Trooper Dan, on 06 March 2019 - 12:39 PM, said:
I think that would be a wasted effort. Chances are, the process will be improved in the future (AI upscales are a relatively new thing) and then all of the clean up work will have gone to waste.
It would make much more sense to clean up the original low-res sprites (as Jimmy suggested in a different thread). Then any upscales made from them would show the improvements every time.
My logic here is this:
1. I do believe that AI upscaling will probably not surpass human artists in the foreseeable future. There are many details in the low-res video game graphics that are kinda "there" but they have to be basically guessed by human perception from a handful of pixels. The straightforward type of AI upscaling we've dealt with so far can only enlarge these small pixels but is rather limited in the way of adding or enhancing this detail.
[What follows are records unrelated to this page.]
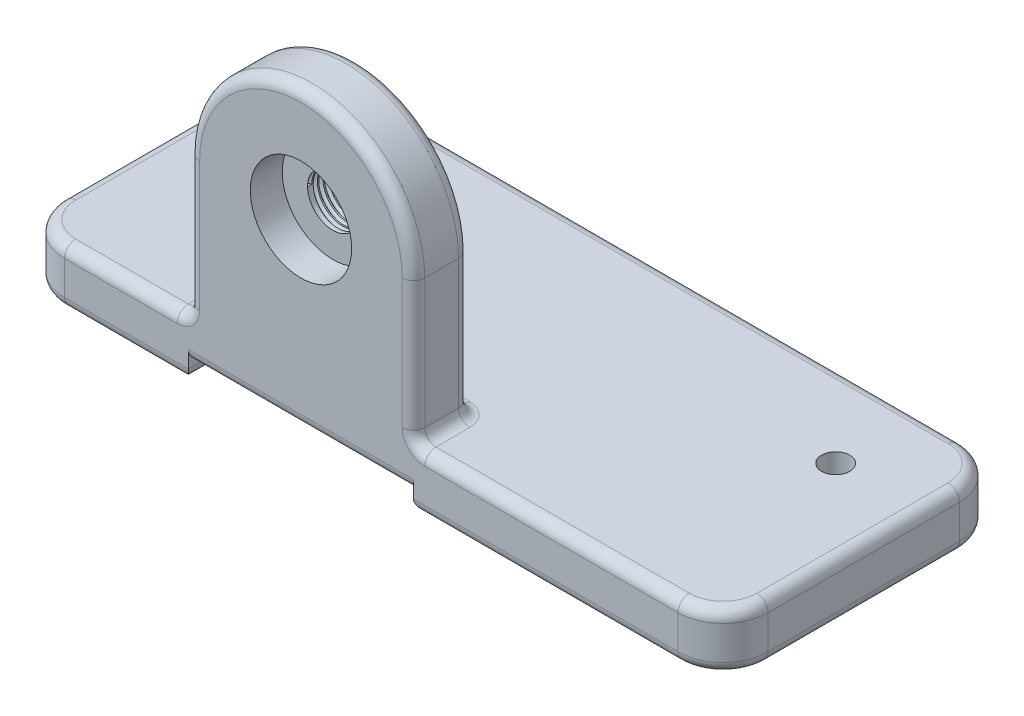
SolidWorks part; units mm, degrees
ref_plane "Front Plane" through (0, 0, 0) normal (0, 0, 1) x (1, 0, 0)
ref_plane "Top Plane" through (0, 0, 0) normal (0, 1, 0) x (1, 0, 0)
ref_plane "Right Plane" through (0, 0, 0) normal (1, 0, 0) x (0, 0, -1)
sketch "Sketch2" plane through (0, 0, 0) normal (0, 1, 0) x (1, 0, 0)
  line L1 (0, 0) -> (125, 0)
  line L2 (0, 0) -> (0, 50)
  line L3 (0, 50) -> (125, 50)
  line L4 (125, 0) -> (125, 50)
  dimension "D1" = 125
  dimension "D2" = 50
extrude "Boss-Extrude1" add sketch "Sketch2" along normal blind 10
sketch "Sketch4" plane through (0, 0, 0) normal (0, 0, 1) x (1, 0, 0)
  line L0 (30, 0) -> (30, 35)
  line L1 (0, 0) -> (125, 0) construction
  line L2 (70, 35) -> (70, 0)
  line L3 (30, 0) -> (70, 0)
  line L4 (0, 10) -> (0, 0) construction
  arc A0 (30, 35) -> (70, 35) centre (50, 35) cw
  dimension "D1" = 20
  dimension "D2" = 35
  dimension "D3" = 50
extrude "Boss-Extrude2" add sketch "Sketch4" against normal blind 10 contours L3 L2 A0 L0
sketch "Sketch5" plane through (0, 0, 0) normal (0, 0, 1) x (1, 0, 0)
  line L0 (0, 0) -> (125, 0) construction
  line L1 (30, 3) -> (70, 3)
  line L2 (30, 3) -> (30, 0)
  line L3 (30, 0) -> (70, 0)
  line L4 (70, 3) -> (70, 0)
  line L5 (30, 10) -> (30, 35) construction
  dimension "D1" = 40
  dimension "D2" = 3
extrude "Cut-Extrude1" cut sketch "Sketch5" against normal through all
hole_wizard "CBORE for M8 Hex Head Bolt1" positions "Sketch6" profile "Sketch7" counterbore size "M8" standard "ANSI Metric" end condition through all
sketch "Sketch6" plane through (0, 0, 0) normal (0, 0, 1) x (1, 0, 0)
  arc A0 (70, 35) -> (30, 35) centre (50, 35) ccw construction
  point P0 (50, 35)
sketch "Sketch7" plane through (50, 35, 0) normal (1, 0, 0) x (0, -1, 0)
  line L0 (0, 0) -> (0, 50)
  line L1 (0, 50) -> (4.5, 50)
  line L3 (4.5, 50) -> (4.5, 5.68)
  line L4 (4.5, 5.68) -> (9.005, 5.68)
  line L5 (9.005, 5.68) -> (9.005, 0)
  line L7 (9.005, 0) -> (0, 0)
  line L11 (0, -6.35) -> (0, 107.95) construction
  dimension "Thru Hole Dia." = 9
  dimension "Thru Hole Depth" = 50
  dimension "C'Bore Dia." = 18.01
  dimension "C'Bore Depth" = 5.68
thread "Thread1" pitch 1 method cut profile "Thread Profile2" start angle 0, offset 0, length 10, pitch 1, diameter 9
ref_plane "Plane2" through (45.5, 35, -5.68) normal (0, -1, 0) x (-1, 0, 0)
sketch "Thread Profile2" plane through (45.5, 35, -5.68) normal (0, -1, 0) x (-1, 0, 0)
  line L0 (0, 0) -> (0, 1) construction
  line L1 (0, 0) -> (0.5413, 0.3125)
  line L2 (0.5413, 0.3125) -> (0.5413, 0.4375)
  line L3 (0.5413, 0.4375) -> (0, 0.75)
  line L4 (0.5413, 0.375) -> (0, 0.375) construction
  line L11 (0, 0) -> (0, 0.75)
  point P2 (0, 0)
  dimension "Pitch" = 1
  dimension "Profile_Angle" = 60
  dimension "Profile_Land" = 0.125
  dimension "Profile_Height" = 0.5413
hole_wizard "Ø5.0mm Dowel Hole2" positions "Sketch10" profile "Sketch11" hole size "Ø5.0" standard "ANSI Metric"
sketch "Sketch10" plane through (0, 10, 0) normal (0, 1, 0) x (1, 0, 0)
  line L0 (125, 50) -> (0, 50) construction
  line L1 (0, 50) -> (0, 0) construction
  line L2 (125, 0) -> (125, 50) construction
  point P0 (15, 35)
  point P2 (110, 35)
  point P5 (0, 0)
  dimension "D1" = 15
  dimension "D2" = 15
  dimension "D3" = 15
sketch "Sketch11" plane through (15, 10, -35) normal (1, 0, 0) x (0, 0, 1)
  line L0 (0, 0) -> (0, 6.5022)
  line L1 (0, 6.5022) -> (2.5, 5)
  line L2 (2.5, 5) -> (2.5, 0)
  line L5 (2.5, 0) -> (0, 0)
  line L10 (0, 6.5022) -> (-2.5, 5) construction
  line L11 (0, -6.35) -> (0, 107.95) construction
  dimension "Hole Dia." = 5
  dimension "Hole Depth" = 5
  dimension "Drill Angle" = 118
fillet "Fillet2" radius 2 24 edges at (50, 55, 0) (30, 22.5, 0) (70, 22.5, 0) (15, 10, 0) (0, 10, -25) (62.5, 10, -50) (125, 10, -25) (97.5, 10, 0) (70, 10, -5) (50, 10, -10) (30, 10, -5) (30, 22.5, -10) (70, 22.5, -10) (50, 55, -10) (97.5, 0, 0) (125, 0, -25) (97.5, 0, -50) (70, 0, -25) (15, 0, -50) (0, 0, -25) (15, 0, 0) (30, 0, -25) (50, 3, -50) (50, 3, 0)
fillet "Fillet3" radius 8 12 edges at (124.4142, 9.4142, -49.4142) (124.4142, 9.4142, -0.5858) (0.5858, 9.4142, -49.4142) (0.5858, 9.4142, -0.5858) (0, 5, 0) (0, 5, -50) (125, 5, 0) (125, 5, -50) (124.4142, 0.5858, -49.4142) (124.4142, 0.5858, -0.5858) (0.5858, 0.5858, -49.4142) (0.5858, 0.5858, -0.5858)
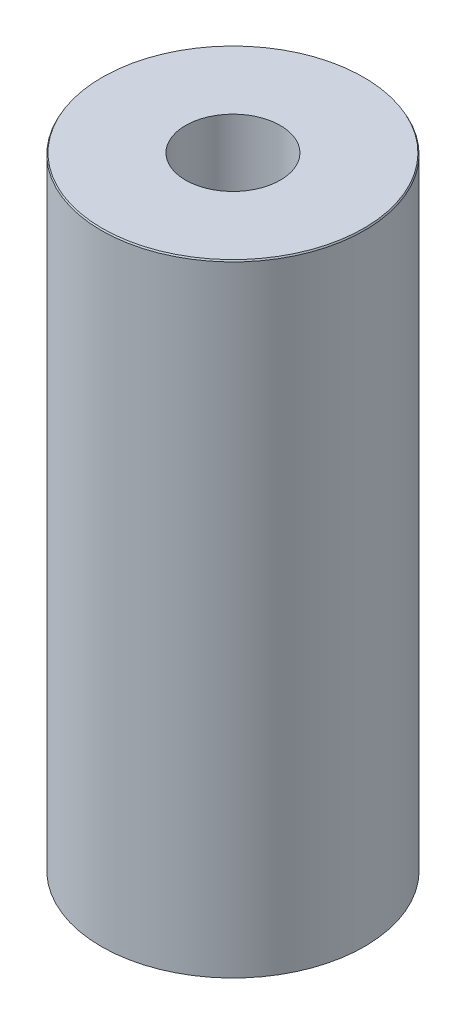
SolidWorks part; units mm, degrees
ref_plane "Front Plane" through (0, 0, 0) normal (0, 0, 1) x (1, 0, 0)
ref_plane "Top Plane" through (0, 0, 0) normal (0, 1, 0) x (1, 0, 0)
ref_plane "Right Plane" through (0, 0, 0) normal (1, 0, 0) x (0, 0, -1)
sketch "Sketch1" plane through (0, 0, 0) normal (0, 1, 0) x (1, 0, 0)
  circle A0 centre (0, 0) radius 47.5
  dimension "SHAFT_OD" = 95
extrude "Boss-Extrude1" add sketch "Sketch1" along normal blind 224.5919
sketch "Sketch2" plane through (0, 0, 0) normal (0, 1, 0) x (1, 0, 0)
  circle A0 centre (0, 0) radius 17.1057
  dimension "BORE_D" = 34.2114
extrude "Cut-Extrude1" cut sketch "Sketch2" along normal through all
chamfer "Chamfer1" distance 0.5163 angle 30 2 edges at (0, 224.5919, 47.5) (0, 0, 47.5) first distance on face at (0, 224.5919, 47.5) first distance on face at (0, 0, 17.1057)

An AI network may have a semantic level that allows to replicate the guessing process of human perception, and I think high-profile networks that boast a "hallucination" feature can do something similar
but this is mainly designed for photographs featuring real-life objects, whereas video games are full of imaginary objects that have no real-file counterparts. It may be very difficult to get a correct "guess" even if the network has a semantic level of image identification involved in the upscaling process.
2. AI upscaling/Single-Image Super Resolution (SISR) tools are currently developed primarily for photographic images, which are in my opinion fundamentally different from low-res video game graphics:
- when a photograph is scaled down using any conventional sampling method, there's an objective loss of data due to lower resolution; conversely, low-resolution video game graphics are not actually characterised by loss of image data --- rather, the amount of data in the image is limited by the low resolution. In fact, high quality graphics assets have as much detail as possible within these limits, which is achieved by the artist's hand
- low-res video game graphics, even when derived from higher-resolution originals (scanned hand-drawn art, 3D models or digitised photographs), is usually (post-)processed so that the resulting image fits the target resolution. Details are enhanced, noise is removed. This is completely unlike a straightforwardly downsampled photograph which is the primary subject matter of ESRGAN and similar tools. We know for a fact that the sprites in Duke3D and other Build games were edited after having been scaled down from angles of Chuck Jones' original models
- there's a difference in scale. Most photographic images, be it portraits or landscapes, have both large features and small details. E.g. if you scale down a portrait you will still see the face, if you scale down a landscape you'll still discern major features like houses, trees etc. Small details will be in many cases reduced to incoherent pixels or disappear completely. Conversely, low-res video game art has both large features and small details that are theoretically intact, unless we deal with images produced by down sampling without post-processing
- if we're talking about art in VGA mode games, the art there was supposed to be viewed in a roughly 2x the original size on the screen, and that, too affected how the art was drawn and/or edited. There's no similarity to scaled down photographs in this respect, which are supposed to be always viewed in their original resolution
- finally an important thing to remember is that video game art from the era we're interested in is limited to an indexed palette, which inevitably entails sharper contrasts and generally different colour arrangement (people who better understand this topic may correct me or provide more proper terms) than in a true-colour photograph
3. As said above, the creation of video game art involves port-processing and hand editing. I'm fairly certain that
sebabdukeboss20' new monsters that were created from models received at lest some degree of manual refining after the animation frames were produced from high-res models, right? The same is true for the original monster sprites in
Duke3D,
Shadow Warrior, etc. This post-processing is necessary to adapt each image to its current resolution.
Now why should this be different if we're going in the opposite direction of scaling sprites up? The fundamental change is the same as with scaling down: the image is converted to a different resolution which allows a different level of detail. I may be wrong but I don't believe that any AI network alone will be able to accomlish this task of adjusting the image to the proper resolution as a human artist, at least in the foreseeable future.